Solution at specific time points using a stiff ODE solver

While using stiff ODE solver like CVODE_BDF() and radau(), can we use saveat to save solutions at specific time points. For example, since time step dt changes adaptively, thereby is it a good idea to do
sol = solve(func, CVODE_BDF(), reltol=1e-12, abstol=1e-12, saveat=0.01) ?
As I noticed these algorithms generate solutions for very few time points. In other words, how can we obtain solutions for a desired number of time points in tspan=(0, T) with these solvers as we do in the case of fixed time step solver like RK4().

Is the question a misunderstanding of interpolation? The solutions have a high order interpolation generated as part of the solving process (which is usually order matching or one order less), so you don’t lose accuracy by interpolating between steps. Thus you only need 1e-12 tolerances if you want a 1e-12 local tolerance on the interpolation (in some sense that is more rigorous in some methods than others) which amounts to about a 1e-10 global error (heuristically). tl;dr, the tolerances apply to the saveat points just as much as it does to the steps.
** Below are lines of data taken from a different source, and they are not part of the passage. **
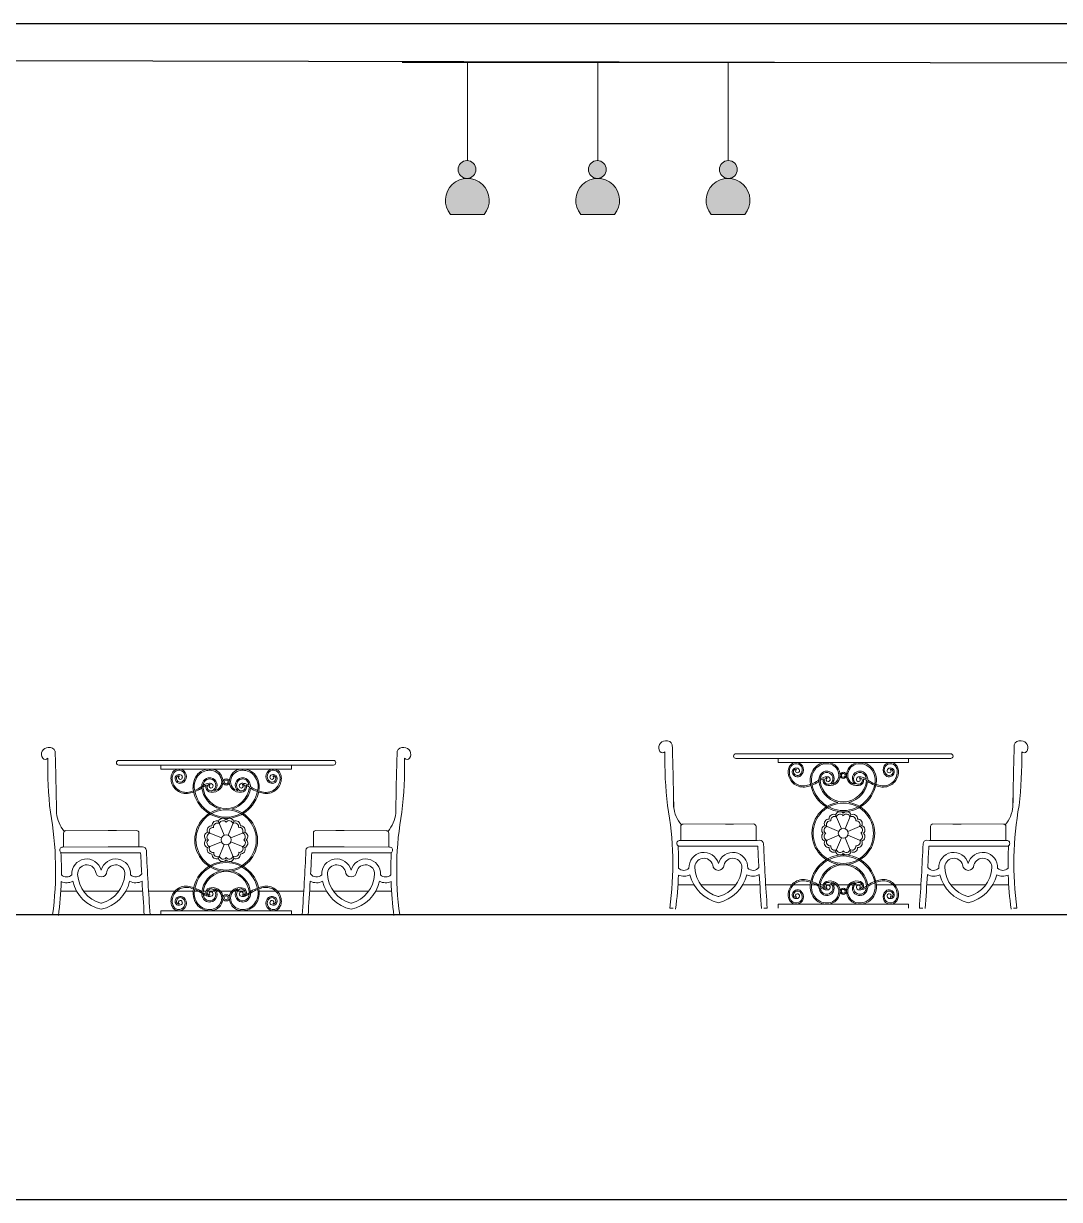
# Model space of a CAD drawing. Header units: millimetres. Extents: x -315744025 to 315695903, y -17416609 to 215511297.
# Drawn here: x 1237422 to 1241781, y 477697 to 482647 of the extents above; entities that cross this region are included whole.
import ezdxf

# ---------------------------------------------------------------- set-up
doc = ezdxf.new("R2010")
doc.units = ezdxf.units.MM
doc.layers.add('finiture', color=7, linetype='Continuous', lineweight=20)

msp = doc.modelspace()

# ---------------------------------------------------------------- hatches: boundary and pattern name
at = {"layer": 'finiture', "linetype": 'ByBlock'}
h = msp.add_hatch(color=41, dxfattribs=at)
h.dxf.hatch_style = 1
h.set_gradient(color1=(241, 214, 126), color2=(242, 217, 136), rotation=90, one_color=1, tint=0.74, name='INVCURVED')
h.paths.add_polyline_path([(1239250.3, 482032.3, -1), (1239325.3, 482032.3, -0.402801), (1239289.3, 481994.8, -0.635581), (1239360.4, 481843.2), (1239218.2, 481843.2, -0.627689), (1239287.2, 481994.8, -0.409373)])
at = {"layer": 'finiture'}
h = msp.add_hatch(color=8, dxfattribs=at)
h.dxf.hatch_style = 1
h.set_gradient(color1=(126, 114, 99), color2=(86, 77, 67), rotation=135, one_color=1, tint=0.3, name='HEMISPHERICAL')
h.paths.add_polyline_path([(1239289.3, 481994.8, 0.402801), (1239325.3, 482032.3, 1), (1239250.3, 482032.3, 0.409373), (1239287.2, 481994.8, -0.005642)])
at = {"layer": 'finiture', "linetype": 'ByBlock'}
h = msp.add_hatch(color=201, dxfattribs=at)
h.dxf.hatch_style = 1
h.set_gradient(color1=(214, 126, 241), color2=(217, 136, 242), rotation=90, one_color=1, tint=0.74, name='INVCURVED')
h.paths.add_polyline_path([(1239798.8, 482032.3, -1), (1239873.8, 482032.3, -0.402801), (1239837.8, 481994.8, -0.635581), (1239908.9, 481843.2), (1239766.7, 481843.2, -0.627689), (1239835.7, 481994.8, -0.409373)])
at = {"layer": 'finiture'}
h = msp.add_hatch(color=8, dxfattribs=at)
h.dxf.hatch_style = 1
h.set_gradient(color1=(126, 114, 99), color2=(86, 77, 67), rotation=135, one_color=1, tint=0.3, name='HEMISPHERICAL')
h.paths.add_polyline_path([(1239837.8, 481994.8, 0.402801), (1239873.8, 482032.3, 1), (1239798.8, 482032.3, 0.409373), (1239835.7, 481994.8, -0.005642)])
h = msp.add_hatch(color=8, dxfattribs=at)
h.dxf.hatch_style = 1
h.set_gradient(color1=(126, 114, 99), color2=(86, 77, 67), rotation=135, one_color=1, tint=0.3, name='HEMISPHERICAL')
h.paths.add_polyline_path([(1240386.3, 481994.8, -0.005642), (1240388.4, 481994.8, 0.409373), (1240425.3, 482032.3, 1), (1240350.3, 482032.3, 0.402801)])
at = {"layer": 'finiture', "linetype": 'ByBlock'}
h = msp.add_hatch(color=242, dxfattribs=at)
h.dxf.hatch_style = 1
h.set_gradient(color1=(219, 36, 66), color2=(236, 141, 157), rotation=90, one_color=1, tint=0.74, name='INVCURVED')
h.paths.add_polyline_path([(1240457.4, 481843.2, 0.635581), (1240386.3, 481994.8, -0.01392), (1240384.2, 481994.8, 0.627689), (1240315.2, 481843.2)])

# ---------------------------------------------------------------- linework, layer by layer
for p, q in [((1234481.6, 482646.9), (1321631.6, 482646.9)), ((1234711.6, 482496.4), (1254331.6, 482454.8)), ((1234711.6, 478896.9), (1254331.6, 478896.9)), ((1234711.6, 478896.9), (1254331.6, 478896.9)), ((1220464.4, 477696.9), (1339637.5, 477696.9))]:
    msp.add_line(p, q)
at = {"layer": 'finiture'}
for p, q in [((1239015, 482483.1), (1240660.6, 482483.1)), ((1239563.5, 482483.1), (1239015, 482483.1)), ((1239289.3, 482483.1), (1239289.3, 482069.7)), ((1239837.8, 482483.1), (1239837.8, 482069.7)), ((1240386.3, 482483.1), (1240386.3, 482069.7)), ((1239218.2, 481843.2), (1239360.4, 481843.2)), ((1239766.7, 481843.2), (1239908.9, 481843.2)), ((1240457.4, 481843.2), (1240315.2, 481843.2)), ((1237999.7, 479508.8), (1237999.7, 479525.6)), ((1237999.7, 479525.6), (1238548.9, 479525.6)), ((1237999.7, 479508.8), (1238548.9, 479508.8)), ((1238548.9, 479508.8), (1238548.9, 479525.6)), ((1240596.8, 479536.4), (1240596.8, 479553.2)), ((1240596.8, 479553.2), (1241146.1, 479553.2)), ((1240596.8, 479536.4), (1241146.1, 479536.4)), ((1241146.1, 479536.4), (1241146.1, 479553.2)), ((1240839.2, 479316.1), (1240863.4, 479257.7)), ((1240903.8, 479316.1), (1240879.5, 479257.7)), ((1238242, 479288.5), (1238266.2, 479230)), ((1238306.6, 479288.5), (1238282.4, 479230)), ((1240187.3, 479208), (1240187.2, 479267.1)), ((1240197, 479276.9), (1240494.3, 479277.5)), ((1240375.2, 479277.2), (1240410, 479277.3)), ((1240504.3, 479208.6), (1240504.2, 479267.6)), ((1240793.5, 479270.5), (1240852, 479246.2)), ((1240949.5, 479270.5), (1240891, 479246.2)), ((1241238.7, 479208.6), (1241238.8, 479267.6)), ((1241545.9, 479276.9), (1241248.6, 479277.5)), ((1241367.8, 479277.2), (1241332.9, 479277.3)), ((1241555.7, 479208), (1241555.8, 479267.1)), ((1237590.1, 479180.4), (1237590, 479239.5)), ((1237599.8, 479249.3), (1237897.1, 479249.9)), ((1237778, 479249.6), (1237812.9, 479249.7)), ((1237907.1, 479181), (1237907, 479240)), ((1238196.3, 479242.9), (1238254.8, 479218.6)), ((1238352.3, 479242.9), (1238293.8, 479218.6)), ((1238641.5, 479181), (1238641.6, 479240)), ((1238948.8, 479249.3), (1238651.4, 479249.9)), ((1238770.6, 479249.6), (1238735.7, 479249.7)), ((1238958.5, 479180.4), (1238958.6, 479239.5)), ((1240793.5, 479205.8), (1240852, 479230.1)), ((1240863.4, 479218.7), (1240839.2, 479160.2)), ((1240903.8, 479160.2), (1240879.5, 479218.7)), ((1240949.5, 479205.8), (1240891, 479230.1)), ((1237778.1, 479180.7), (1237585.3, 479180.4)), ((1237778.1, 479180.7), (1237911.8, 479181)), ((1237911.8, 479181), (1237922.1, 479181.4)), ((1238196.3, 479178.2), (1238254.8, 479202.5)), ((1238266.2, 479191.1), (1238242, 479132.6)), ((1238306.6, 479132.6), (1238282.4, 479191.1)), ((1238352.3, 479178.2), (1238293.8, 479202.5)), ((1238636.8, 479181), (1238626.5, 479181.4)), ((1238770.5, 479180.7), (1238636.8, 479181)), ((1238770.5, 479180.7), (1238963.2, 479180.4)), ((1240375.3, 479183.7), (1240176.4, 479183.4)), ((1240375.3, 479208.3), (1240182.5, 479208)), ((1240375.3, 479208.3), (1240509, 479208.6)), ((1240375.3, 479183.7), (1240511.5, 479184)), ((1240509, 479208.6), (1240519.3, 479209)), ((1241233.9, 479208.6), (1241223.6, 479209)), ((1241367.6, 479183.7), (1241231.4, 479184)), ((1241367.6, 479208.3), (1241233.9, 479208.6)), ((1241367.6, 479208.3), (1241560.4, 479208)), ((1241367.6, 479183.7), (1241566.5, 479183.4)), ((1237778.2, 479156.1), (1237579.2, 479155.8)), ((1237778.2, 479156.1), (1237914.3, 479156.4)), ((1238770.4, 479156.1), (1238634.2, 479156.4)), ((1238770.4, 479156.1), (1238969.3, 479155.8)), ((1240175.6, 479021.6), (1240242.8, 479021.6)), ((1240272.1, 479021.6), (1240419.2, 479021.6)), ((1240448.5, 479021.6), (1240520.2, 479021.6)), ((1240544.8, 479021.6), (1240655.1, 479021.6)), ((1240662.3, 479021.6), (1240732.2, 479021.6)), ((1240737.5, 479021.6), (1240769.2, 479021.6)), ((1240774.5, 479021.6), (1240787, 479021.6)), ((1240792.5, 479021.6), (1240824.1, 479021.6)), ((1240830.1, 479021.6), (1240841.3, 479021.6)), ((1240848.4, 479021.6), (1240894.5, 479021.6)), ((1240894.5, 479021.6), (1240848.4, 479021.6)), ((1240912.8, 479021.6), (1240901.6, 479021.6)), ((1240950.4, 479021.6), (1240918.8, 479021.6)), ((1241080.6, 479021.6), (1241010.7, 479021.6)), ((1241198.1, 479021.6), (1241087.8, 479021.6)), ((1241294.4, 479021.6), (1241222.8, 479021.6)), ((1241470.8, 479021.6), (1241323.7, 479021.6)), ((1241567.3, 479021.6), (1241500.2, 479021.6)), ((1237578.4, 478994), (1237645.6, 478994)), ((1237674.9, 478994), (1237822, 478994)), ((1237851.4, 478994), (1237923, 478994)), ((1237947.7, 478994), (1238057.9, 478994)), ((1238065.1, 478994), (1238135, 478994)), ((1238140.3, 478994), (1238172, 478994)), ((1238177.3, 478994), (1238189.8, 478994)), ((1238195.4, 478994), (1238226.9, 478994)), ((1238232.9, 478994), (1238244.1, 478994)), ((1238251.2, 478994), (1238297.4, 478994)), ((1238297.4, 478994), (1238251.2, 478994)), ((1238315.7, 478994), (1238304.5, 478994)), ((1238353.2, 478994), (1238321.6, 478994)), ((1238483.5, 478994), (1238413.5, 478994)), ((1238600.9, 478994), (1238490.7, 478994)), ((1238697.2, 478994), (1238625.6, 478994)), ((1238873.7, 478994), (1238726.6, 478994)), ((1238970.2, 478994), (1238903, 478994)), ((1240141, 478922.5), (1240155.8, 478922.5)), ((1240551.3, 478923.2), (1240536.6, 478923.2)), ((1240596.8, 478939.9), (1240596.8, 478923.1)), ((1240596.8, 478939.9), (1241146.1, 478939.9)), ((1241146.1, 478939.9), (1241146.1, 478923.1)), ((1241191.6, 478923.2), (1241206.4, 478923.2)), ((1241601.9, 478922.5), (1241587.1, 478922.5)), ((1237543.9, 478894.9), (1237558.6, 478894.9)), ((1237954.2, 478895.6), (1237939.4, 478895.6)), ((1237999.7, 478912.3), (1237999.7, 478895.5)), ((1237999.7, 478912.3), (1238548.9, 478912.3)), ((1238548.9, 478912.3), (1238548.9, 478895.5)), ((1238594.4, 478895.6), (1238609.2, 478895.6)), ((1239004.7, 478894.9), (1238989.9, 478894.9))]:
    msp.add_line(p, q, dxfattribs=at)
at = {"layer": 'finiture', "linetype": 'Continuous'}
for p, q in [((1240419.6, 479572.9), (1241323.3, 479572.9)), ((1237822.5, 479545.3), (1238726.1, 479545.3)), ((1237999.7, 479525.6), (1237822.5, 479525.6)), ((1238548.9, 479525.6), (1238726.1, 479525.6)), ((1240596.8, 479553.2), (1240419.6, 479553.2)), ((1241146.1, 479553.2), (1241323.3, 479553.2))]:
    msp.add_line(p, q, dxfattribs=at)
at = {"layer": 'finiture'}
for centre, radius in [((1239287.8, 482032.3), 37.5), ((1239836.3, 482032.3), 37.5), ((1240387.8, 482032.3), 37.5), ((1238274.3, 479454.5), 13.3), ((1238274.3, 479454.5), 8.07), ((1240871.5, 479482.1), 13.3), ((1240871.5, 479482.1), 8.07), ((1240871.5, 479238.2), 126.9), ((1238274.3, 479210.5), 126.9), ((1240871.5, 479238.2), 21.1), ((1238274.3, 479210.5), 21.1), ((1238274.3, 478966.6), 13.3), ((1238274.3, 478966.6), 8.07), ((1240871.5, 478994.2), 13.3), ((1240871.5, 478994.2), 8.07)]:
    msp.add_circle(centre, radius, dxfattribs=at)
for centre, radius, start, end in [((1239289.3, 481902.3), 92.5, 320.243, 219.757), ((1239837.8, 481902.3), 92.5, 320.243, 219.757), ((1240386.3, 481902.3), 92.5, 320.243, 219.757), ((1240123, 479598.6), 28.6, 90, 215.6526), ((1240128.7, 479603.5), 24.3, 16.9293, 103.3523), ((1221370.1, 479052), 18790.1, 0.90211, 1.705), ((1260372.8, 479052), 18790.1, 178.295, 179.09789), ((1241614.3, 479603.5), 24.3, 76.6477, 163.0707), ((1241619.9, 479598.6), 28.6, 324.3474, 90), ((1237525.9, 479571), 28.6, 90, 215.6526), ((1237531.5, 479575.9), 24.3, 16.9293, 103.3523), ((1218772.9, 479024.4), 18790.1, 0.90211, 1.705), ((1257775.7, 479024.4), 18790.1, 178.295, 179.09789), ((1239017.1, 479575.9), 24.3, 76.6477, 163.0707), ((1239022.7, 479571), 28.6, 324.3474, 90), ((1240110.5, 479590.8), 13.8, 219.7869, 317.8232), ((1241746.4, 479547.6), 1626, 178.805, 186.7973), ((1239996.5, 479547.6), 1626, 353.2027, 1.195), ((1241632.5, 479590.8), 13.8, 222.1768, 320.2131), ((1237513.3, 479563.2), 13.8, 219.7869, 317.8232), ((1239149.2, 479520), 1626, 178.805, 186.7973), ((1238075.5, 479477.6), 31.4, 101.1513, 157.4043), ((1238075.8, 479469), 39.8, 83.1603, 100.57), ((1238075.5, 479477.6), 31.4, 310.066, 81.9368), ((1238204.8, 479440.9), 68, 101.1513, 157.4043), ((1238205.1, 479432.4), 76.5, 83.1603, 100.57), ((1238207.3, 479455.4), 53.4, 9.4446, 82.5044), ((1238341.3, 479455.4), 53.4, 97.4956, 170.5554), ((1238343.5, 479432.4), 76.5, 79.43, 96.8397), ((1238343.8, 479440.9), 68, 22.5957, 78.8487), ((1238473, 479477.6), 31.4, 98.0632, 229.934), ((1238472.8, 479469), 39.8, 79.43, 96.8397), ((1238473, 479477.6), 31.4, 22.5957, 78.8487), ((1237399.4, 479520), 1626, 353.2027, 1.195), ((1239035.3, 479563.2), 13.8, 222.1768, 320.2131), ((1240683.1, 479497.6), 43.9, 153.5386, 180), ((1240672.7, 479505.2), 31.4, 101.1513, 157.4043), ((1240683.1, 479497.6), 38.7, 153.5386, 180.2302), ((1240672.7, 479505.2), 26.1, 103.4223, 157.4043), ((1240672.7, 479497.2), 16, 79.5327, 188.2806), ((1240672.7, 479497.2), 10.8, 79.5327, 188.2806), ((1240673, 479496.6), 39.8, 83.1603, 100.57), ((1240673, 479496.6), 34.6, 83.1603, 100.57), ((1240678.4, 479500.8), 7.89, 117.9053, 266.3196), ((1240675.5, 479501.2), 11.6, 7.4355, 89.6017), ((1240672.7, 479505.2), 31.4, 310.066, 81.9368), ((1240672.7, 479505.2), 26.1, 310.066, 80.308), ((1240802, 479468.5), 68, 101.1513, 157.4043), ((1240801.9, 479468.6), 62.7, 101.706, 157.4231), ((1240802.2, 479460), 76.5, 83.1603, 100.57), ((1240802.2, 479460), 71.2, 83.1603, 100.57), ((1240804.5, 479483), 48.1, 9.4446, 82.5044), ((1240804.5, 479483), 53.4, 9.4446, 82.5044), ((1240938.5, 479483), 53.4, 97.4956, 170.5554), ((1240938.5, 479483), 48.1, 97.4956, 170.5554), ((1240940.7, 479460), 76.5, 79.43, 96.8397), ((1240940.7, 479460), 71.2, 79.43, 96.8397), ((1240941, 479468.6), 62.7, 22.5769, 78.294), ((1240941, 479468.5), 68, 22.5957, 78.8487), ((1241070.2, 479505.2), 31.4, 98.0632, 229.934), ((1241070.2, 479505.2), 26.1, 99.692, 229.934), ((1241067.4, 479501.2), 11.6, 90.3983, 172.5645), ((1241064.6, 479500.8), 7.89, 273.6804, 62.0947), ((1241069.9, 479496.6), 39.8, 79.43, 96.8397), ((1241069.9, 479496.6), 34.6, 79.43, 96.8397), ((1241070.2, 479497.2), 16, 351.7194, 100.4673), ((1241070.2, 479497.2), 10.8, 351.7194, 100.4673), ((1241070.2, 479505.2), 31.4, 22.5957, 78.8487), ((1241070.2, 479505.2), 26.1, 22.5957, 76.5777), ((1241059.8, 479497.6), 38.7, 359.7698, 26.4614), ((1241059.8, 479497.6), 43.9, 0, 26.4614), ((1238085.9, 479470), 43.9, 153.5386, 180), ((1238106.3, 479469.4), 64.3, 179.4721, 274.7367), ((1238085.9, 479470), 38.7, 153.5386, 180.2302), ((1238106.3, 479469.4), 59.1, 179.4721, 274.7367), ((1238075.5, 479477.6), 26.1, 103.4223, 157.4043), ((1238075.5, 479469.6), 16, 79.5327, 188.2806), ((1238081.5, 479470.4), 22.1, 188.2806, 310.066), ((1238075.5, 479469.6), 10.8, 79.5327, 188.2806), ((1238081.5, 479470.4), 16.8, 188.2806, 310.066), ((1238075.8, 479469), 34.6, 83.1603, 100.57), ((1238081.2, 479473.2), 7.89, 117.9053, 266.3196), ((1238078.4, 479473.6), 11.6, 7.4355, 89.6017), ((1238075.5, 479477.6), 26.1, 310.066, 80.308), ((1238081.2, 479474), 8.74, 266.3196, 7.4355), ((1238213.9, 479433.9), 79.2, 153.426, 183.2603), ((1238214, 479433.8), 74.1, 153.4239, 183.076), ((1238204.7, 479441), 62.7, 101.706, 157.4231), ((1238204.8, 479440.9), 31.4, 101.1513, 157.4043), ((1238204.8, 479440.9), 26.1, 103.4223, 157.4043), ((1238205.1, 479432.4), 71.2, 83.1603, 100.57), ((1238205.1, 479432.4), 39.8, 83.1603, 100.57), ((1238205.1, 479432.4), 34.6, 83.1603, 100.57), ((1238204.8, 479440.9), 31.4, 310.066, 81.9368), ((1238204.8, 479440.9), 26.1, 310.066, 80.308), ((1238217.6, 479454.5), 43.4, 260.3752, 13.2734), ((1238207.3, 479455.4), 48.1, 9.4446, 82.5044), ((1238217.6, 479454.5), 38.1, 281.4592, 13.2734), ((1238331, 479454.5), 43.4, 166.7266, 279.6248), ((1238331, 479454.5), 38.1, 166.7266, 258.5408), ((1238341.3, 479455.4), 48.1, 97.4956, 170.5554), ((1238343.8, 479440.9), 31.4, 98.0632, 229.934), ((1238343.8, 479440.9), 26.1, 99.692, 229.934), ((1238343.5, 479432.4), 71.2, 79.43, 96.8397), ((1238343.5, 479432.4), 39.8, 79.43, 96.8397), ((1238343.5, 479432.4), 34.6, 79.43, 96.8397), ((1238343.8, 479440.9), 31.4, 22.5957, 78.8487), ((1238343.8, 479440.9), 26.1, 358.9733, 76.5777), ((1238343.9, 479441), 62.7, 22.5769, 78.294), ((1238334.6, 479433.8), 74.1, 356.924, 26.5761), ((1238334.7, 479433.9), 79.2, 356.7397, 26.574), ((1238442.3, 479469.4), 64.3, 265.2633, 0.5279), ((1238442.3, 479469.4), 59.1, 265.2633, 0.5279), ((1238473, 479477.6), 26.1, 99.692, 229.934), ((1238467, 479470.4), 22.1, 229.934, 351.7194), ((1238467, 479470.4), 16.8, 229.934, 351.7194), ((1238467.3, 479474), 8.74, 172.5645, 273.6804), ((1238470.2, 479473.6), 11.6, 90.3983, 172.5645), ((1238467.4, 479473.2), 7.89, 273.6804, 62.0947), ((1238472.8, 479469), 34.6, 79.43, 96.8397), ((1238473, 479469.6), 16, 351.7194, 100.4673), ((1238473, 479469.6), 10.8, 351.7194, 100.4673), ((1238473, 479477.6), 26.1, 22.5957, 76.5777), ((1238462.7, 479470), 38.7, 359.7698, 26.4614), ((1238462.7, 479470), 43.9, 0, 26.4614), ((1240703.5, 479497.1), 64.3, 179.4721, 274.7367), ((1240703.5, 479497.1), 59.1, 179.4721, 274.7367), ((1240678.7, 479498), 22.1, 188.2806, 310.066), ((1240678.7, 479498), 16.8, 188.2806, 310.066), ((1240678.4, 479501.6), 8.74, 266.3196, 7.4355), ((1240811.1, 479461.5), 79.2, 153.426, 183.2603), ((1240811.1, 479461.5), 74.1, 153.4239, 183.076), ((1240873.9, 479470.9), 137.4, 185.5938, 268.6744), ((1240687.5, 479577.4), 140.8, 291.3473, 303.03), ((1240763.5, 479460.5), 1.31, 303.03, 313.2387), ((1240808.1, 479413.1), 63.7, 128.4485, 133.2387), ((1240812.3, 479461), 43.9, 153.5386, 180), ((1240873.9, 479470.9), 106, 185.5938, 255.7575), ((1240802, 479468.5), 31.4, 101.1513, 157.4043), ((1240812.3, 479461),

You can use saveat for getting values at desired time points. Or tstops to control time stops, though that should only be done really for discontinuity handling.

See the output control part of the documentation for more details.

https://diffeq.sciml.ai/dev/basics/common_solver_opts/

“the tolerances apply to the saveat points just as much as it does to the steps.” answers my question. I was concerned about accuracy of the solution while using saveat with stiff ODEs solvers, I just wanted to be reassured. Thanks!